Antrag, Verlängerung, Erneuerung
Grundsätzlich kann ein Medical entweder bei einem flugmedizinischen Zentrum oder einem zugelassenen Fliegerarzt erworben werden. Bei der erstmaligen Untersuchung muss ein Ausweis, eine unterzeichnete Erklärung zur Krankheitsgeschichte, sowie Informationen zu Ergebnissen etwaiger früherer Tauglichkeitsuntersuchungen vorgelegt werden. Bei der Verlängerung eines Medicals muss natürlich das jeweils letzte Medical eingereicht werden.
Für die erstmalige Erteilung eines Medicals gilt je nach Medical:
- Class 1 Medicals dürfen nur von einem zertifizierten flugmedizinischen Zentrum durchgeführt werden
- Class 2 und LAPL Medicals können hingegen auch von einem Fliegerarzt durchgeführt werden.
Die Verlängerung eines Medicals kann dann für alle Klassen bei einem entsprechenden Fliegerarzt erfolgen.
Die LAPL und Class 2 Medicals haben geringere medizinische Anforderungen an die Tauglichkeit als Class 1 Medicals. Andersherum gilt: Ein Class 1 Medical hat die höchsten Anforderungen und inkludiert alle Aspekte und auch Rechte, die mit Class 2 und LAPL Medicals einhergehen. Ebenso inkludiert ein Class 2 Medical alle Aspekte und Rechte, die mit einem LAPL Medical einhergehen. Die Gültigkeit des Medicals richtet sich nach der Klasse, sowie nach dem Alter des Bewerbers.

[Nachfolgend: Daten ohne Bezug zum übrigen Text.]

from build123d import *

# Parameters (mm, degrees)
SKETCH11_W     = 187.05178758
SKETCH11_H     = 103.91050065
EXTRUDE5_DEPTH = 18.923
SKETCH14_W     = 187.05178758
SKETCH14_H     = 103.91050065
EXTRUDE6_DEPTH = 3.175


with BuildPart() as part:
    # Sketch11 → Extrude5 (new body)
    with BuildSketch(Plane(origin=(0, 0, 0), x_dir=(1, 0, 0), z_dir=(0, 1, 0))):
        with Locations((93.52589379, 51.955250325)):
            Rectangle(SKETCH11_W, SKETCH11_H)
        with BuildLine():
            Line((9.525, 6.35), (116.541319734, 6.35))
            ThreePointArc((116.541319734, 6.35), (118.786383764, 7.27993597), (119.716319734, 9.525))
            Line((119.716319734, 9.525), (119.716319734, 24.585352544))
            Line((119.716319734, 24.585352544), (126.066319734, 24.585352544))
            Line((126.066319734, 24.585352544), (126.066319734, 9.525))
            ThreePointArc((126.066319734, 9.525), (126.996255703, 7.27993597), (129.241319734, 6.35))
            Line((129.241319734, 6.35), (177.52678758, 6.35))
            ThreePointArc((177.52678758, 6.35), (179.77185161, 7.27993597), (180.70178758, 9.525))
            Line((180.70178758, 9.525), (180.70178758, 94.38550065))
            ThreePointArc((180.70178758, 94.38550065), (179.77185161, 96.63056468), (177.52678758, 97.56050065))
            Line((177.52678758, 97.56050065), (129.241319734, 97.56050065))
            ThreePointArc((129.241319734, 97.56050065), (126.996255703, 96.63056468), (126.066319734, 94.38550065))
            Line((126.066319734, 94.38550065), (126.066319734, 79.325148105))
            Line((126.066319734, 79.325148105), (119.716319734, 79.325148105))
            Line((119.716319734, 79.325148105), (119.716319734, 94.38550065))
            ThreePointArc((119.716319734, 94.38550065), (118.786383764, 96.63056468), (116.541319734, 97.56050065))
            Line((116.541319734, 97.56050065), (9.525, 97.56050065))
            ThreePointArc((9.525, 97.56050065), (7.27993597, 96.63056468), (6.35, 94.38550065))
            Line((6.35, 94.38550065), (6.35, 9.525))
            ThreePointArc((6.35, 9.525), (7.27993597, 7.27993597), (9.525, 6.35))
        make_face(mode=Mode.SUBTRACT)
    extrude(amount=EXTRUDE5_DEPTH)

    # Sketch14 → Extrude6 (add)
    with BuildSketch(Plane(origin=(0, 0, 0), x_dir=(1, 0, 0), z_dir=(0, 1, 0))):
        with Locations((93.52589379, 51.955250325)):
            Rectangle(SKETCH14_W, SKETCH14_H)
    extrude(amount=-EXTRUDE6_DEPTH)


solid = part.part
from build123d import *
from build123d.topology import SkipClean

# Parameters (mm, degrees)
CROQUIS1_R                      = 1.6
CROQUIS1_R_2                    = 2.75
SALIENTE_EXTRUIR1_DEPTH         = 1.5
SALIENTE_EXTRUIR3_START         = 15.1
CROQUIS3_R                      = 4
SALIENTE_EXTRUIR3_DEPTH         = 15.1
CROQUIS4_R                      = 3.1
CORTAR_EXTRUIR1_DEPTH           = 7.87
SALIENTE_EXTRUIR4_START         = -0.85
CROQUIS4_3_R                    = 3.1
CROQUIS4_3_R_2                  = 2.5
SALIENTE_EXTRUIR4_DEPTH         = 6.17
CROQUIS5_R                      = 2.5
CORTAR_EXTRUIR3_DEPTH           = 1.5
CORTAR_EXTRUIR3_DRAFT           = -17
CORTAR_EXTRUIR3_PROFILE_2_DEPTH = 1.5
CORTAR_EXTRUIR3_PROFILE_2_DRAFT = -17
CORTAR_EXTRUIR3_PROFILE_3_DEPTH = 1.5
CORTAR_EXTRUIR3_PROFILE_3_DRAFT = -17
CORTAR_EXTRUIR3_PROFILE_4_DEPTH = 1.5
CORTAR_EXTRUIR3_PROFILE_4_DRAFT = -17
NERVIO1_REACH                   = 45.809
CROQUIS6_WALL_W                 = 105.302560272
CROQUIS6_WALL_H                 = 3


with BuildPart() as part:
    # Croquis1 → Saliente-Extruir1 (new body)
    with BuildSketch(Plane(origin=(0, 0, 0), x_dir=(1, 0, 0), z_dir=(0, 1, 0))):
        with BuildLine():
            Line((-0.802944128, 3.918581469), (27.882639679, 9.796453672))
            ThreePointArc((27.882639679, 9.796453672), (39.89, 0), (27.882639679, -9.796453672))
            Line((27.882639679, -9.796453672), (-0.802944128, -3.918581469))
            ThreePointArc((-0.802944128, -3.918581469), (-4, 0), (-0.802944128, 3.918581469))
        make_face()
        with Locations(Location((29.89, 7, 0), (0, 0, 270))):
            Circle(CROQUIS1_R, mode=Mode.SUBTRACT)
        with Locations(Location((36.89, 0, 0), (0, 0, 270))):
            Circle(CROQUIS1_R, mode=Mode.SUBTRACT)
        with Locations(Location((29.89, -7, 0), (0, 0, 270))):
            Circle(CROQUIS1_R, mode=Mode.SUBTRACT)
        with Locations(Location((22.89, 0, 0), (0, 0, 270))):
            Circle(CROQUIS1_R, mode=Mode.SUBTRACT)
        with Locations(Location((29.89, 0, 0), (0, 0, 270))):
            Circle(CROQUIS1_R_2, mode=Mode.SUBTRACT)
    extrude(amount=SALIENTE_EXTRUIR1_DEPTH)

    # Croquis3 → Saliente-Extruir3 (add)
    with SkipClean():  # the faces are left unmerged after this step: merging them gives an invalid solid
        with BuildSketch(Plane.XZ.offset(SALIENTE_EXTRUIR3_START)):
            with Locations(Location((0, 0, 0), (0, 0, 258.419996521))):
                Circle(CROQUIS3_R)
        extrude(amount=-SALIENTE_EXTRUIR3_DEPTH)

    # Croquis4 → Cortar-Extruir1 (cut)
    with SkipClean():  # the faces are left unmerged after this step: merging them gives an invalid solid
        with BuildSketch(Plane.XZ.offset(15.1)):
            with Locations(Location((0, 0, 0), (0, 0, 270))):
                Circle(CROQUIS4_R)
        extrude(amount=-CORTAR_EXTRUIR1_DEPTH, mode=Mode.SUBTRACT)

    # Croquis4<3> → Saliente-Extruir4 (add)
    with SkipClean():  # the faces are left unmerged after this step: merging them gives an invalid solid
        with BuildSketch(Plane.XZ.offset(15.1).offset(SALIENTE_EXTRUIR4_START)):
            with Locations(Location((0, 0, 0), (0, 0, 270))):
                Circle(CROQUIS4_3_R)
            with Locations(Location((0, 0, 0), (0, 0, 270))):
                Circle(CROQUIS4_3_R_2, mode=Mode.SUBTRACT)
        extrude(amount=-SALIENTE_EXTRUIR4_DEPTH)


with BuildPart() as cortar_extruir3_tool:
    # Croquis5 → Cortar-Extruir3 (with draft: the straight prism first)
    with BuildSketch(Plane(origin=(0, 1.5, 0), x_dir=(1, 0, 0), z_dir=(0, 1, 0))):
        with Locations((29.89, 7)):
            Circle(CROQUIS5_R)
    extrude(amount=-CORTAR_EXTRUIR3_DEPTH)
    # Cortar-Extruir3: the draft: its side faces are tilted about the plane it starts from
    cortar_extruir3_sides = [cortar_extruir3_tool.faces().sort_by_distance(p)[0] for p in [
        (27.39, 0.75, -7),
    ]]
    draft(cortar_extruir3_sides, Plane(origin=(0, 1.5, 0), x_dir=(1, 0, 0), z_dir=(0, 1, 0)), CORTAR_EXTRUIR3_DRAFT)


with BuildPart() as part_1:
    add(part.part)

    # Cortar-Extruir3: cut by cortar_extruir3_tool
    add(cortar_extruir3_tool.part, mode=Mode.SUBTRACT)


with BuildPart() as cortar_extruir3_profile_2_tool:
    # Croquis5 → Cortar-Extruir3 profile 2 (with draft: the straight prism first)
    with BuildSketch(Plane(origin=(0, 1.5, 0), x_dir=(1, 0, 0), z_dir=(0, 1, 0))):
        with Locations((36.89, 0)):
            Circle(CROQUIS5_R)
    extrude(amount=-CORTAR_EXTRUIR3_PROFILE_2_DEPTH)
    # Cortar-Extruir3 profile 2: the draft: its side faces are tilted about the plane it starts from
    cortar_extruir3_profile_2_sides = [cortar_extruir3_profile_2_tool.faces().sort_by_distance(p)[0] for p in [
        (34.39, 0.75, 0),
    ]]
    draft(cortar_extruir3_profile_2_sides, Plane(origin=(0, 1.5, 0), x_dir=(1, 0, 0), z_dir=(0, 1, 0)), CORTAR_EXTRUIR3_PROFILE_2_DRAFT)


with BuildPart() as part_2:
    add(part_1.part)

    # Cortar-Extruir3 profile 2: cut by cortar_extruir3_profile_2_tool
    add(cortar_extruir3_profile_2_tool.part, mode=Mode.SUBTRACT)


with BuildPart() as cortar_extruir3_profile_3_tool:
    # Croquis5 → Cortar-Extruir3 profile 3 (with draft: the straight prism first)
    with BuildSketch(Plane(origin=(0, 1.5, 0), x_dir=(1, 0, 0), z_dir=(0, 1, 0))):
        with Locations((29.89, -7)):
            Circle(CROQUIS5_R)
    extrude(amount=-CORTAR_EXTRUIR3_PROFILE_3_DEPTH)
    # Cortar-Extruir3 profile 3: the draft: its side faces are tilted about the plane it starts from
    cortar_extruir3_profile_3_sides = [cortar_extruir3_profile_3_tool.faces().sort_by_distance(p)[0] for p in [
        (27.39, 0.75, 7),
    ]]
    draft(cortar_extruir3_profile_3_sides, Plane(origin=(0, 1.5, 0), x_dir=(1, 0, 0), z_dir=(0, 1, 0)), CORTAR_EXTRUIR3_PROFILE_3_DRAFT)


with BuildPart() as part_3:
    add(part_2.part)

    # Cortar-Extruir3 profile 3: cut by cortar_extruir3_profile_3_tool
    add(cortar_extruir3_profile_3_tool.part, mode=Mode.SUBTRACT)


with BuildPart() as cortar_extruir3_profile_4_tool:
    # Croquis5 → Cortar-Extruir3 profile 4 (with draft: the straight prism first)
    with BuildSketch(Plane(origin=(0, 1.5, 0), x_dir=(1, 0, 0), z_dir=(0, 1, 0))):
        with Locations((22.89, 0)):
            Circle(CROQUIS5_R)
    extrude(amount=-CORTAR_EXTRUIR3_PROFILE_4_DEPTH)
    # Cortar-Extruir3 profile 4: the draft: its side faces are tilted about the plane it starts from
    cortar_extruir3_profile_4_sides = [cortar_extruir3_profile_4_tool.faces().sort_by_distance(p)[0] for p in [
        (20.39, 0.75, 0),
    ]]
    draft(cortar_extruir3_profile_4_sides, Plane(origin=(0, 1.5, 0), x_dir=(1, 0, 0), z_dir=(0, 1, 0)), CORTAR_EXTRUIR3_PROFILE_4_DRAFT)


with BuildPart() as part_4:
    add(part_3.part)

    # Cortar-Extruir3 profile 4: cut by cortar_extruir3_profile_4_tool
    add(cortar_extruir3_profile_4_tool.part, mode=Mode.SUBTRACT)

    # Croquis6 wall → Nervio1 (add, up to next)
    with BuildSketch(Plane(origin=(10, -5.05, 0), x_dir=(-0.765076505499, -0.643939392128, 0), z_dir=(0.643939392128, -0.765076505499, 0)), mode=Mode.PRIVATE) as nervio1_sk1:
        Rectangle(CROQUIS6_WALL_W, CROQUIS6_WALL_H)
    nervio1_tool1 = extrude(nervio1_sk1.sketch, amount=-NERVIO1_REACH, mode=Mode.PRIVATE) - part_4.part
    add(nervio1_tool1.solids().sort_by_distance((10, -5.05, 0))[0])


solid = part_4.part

- Das LAPL und Class 2 Medical für Personen bis zur Vollendung des 40ten Lebensjahres ist für 60 Monate gültig und muss dann durch eine erneute Untersuchung bei einem Fliegerarzt verlängert werden.
- Zwischen 40 und 50 Jahren beträgt die Gültigkeit 24 Monate und ab dem 50ten Lebensjahr 12 Monate für PPL-Inhaber und 24 Monate für LAPL-Piloten.
- Die Gültigkeit von Class 1 Medicals beträgt 12 Monate. Sie wird auf 6 Monate reduziert, wenn der Pilot älter als 40 ist und nur wenn es um die Beförderung von Personen geht. Generell wird die Gültigkeit auf 6 Monate reduziert, wenn der Pilot des 60. Lebensjahr vollendet hat.
Die «Verlängerung» eines Medicals kann bis zu 45 Tage vor dem Ablaufdatum durchgeführt werden. Verpasst man die Frist und ist die Gültigkeit seit weniger als 2 Jahren abgelaufen, so bedarf es einer «Erneuerung». Ist die Frist seit mehr als 5 Jahren verstrichen muss eine erneute medizinische Untersuchung durchgeführt werden, welche die gleichen Kriterien erfüllen muss, wie eine erstmalige Untersuchung. Ist ein Medical abgelaufen gilt grundsätzlich: Fliegen als Pilot ist nicht erlaubt!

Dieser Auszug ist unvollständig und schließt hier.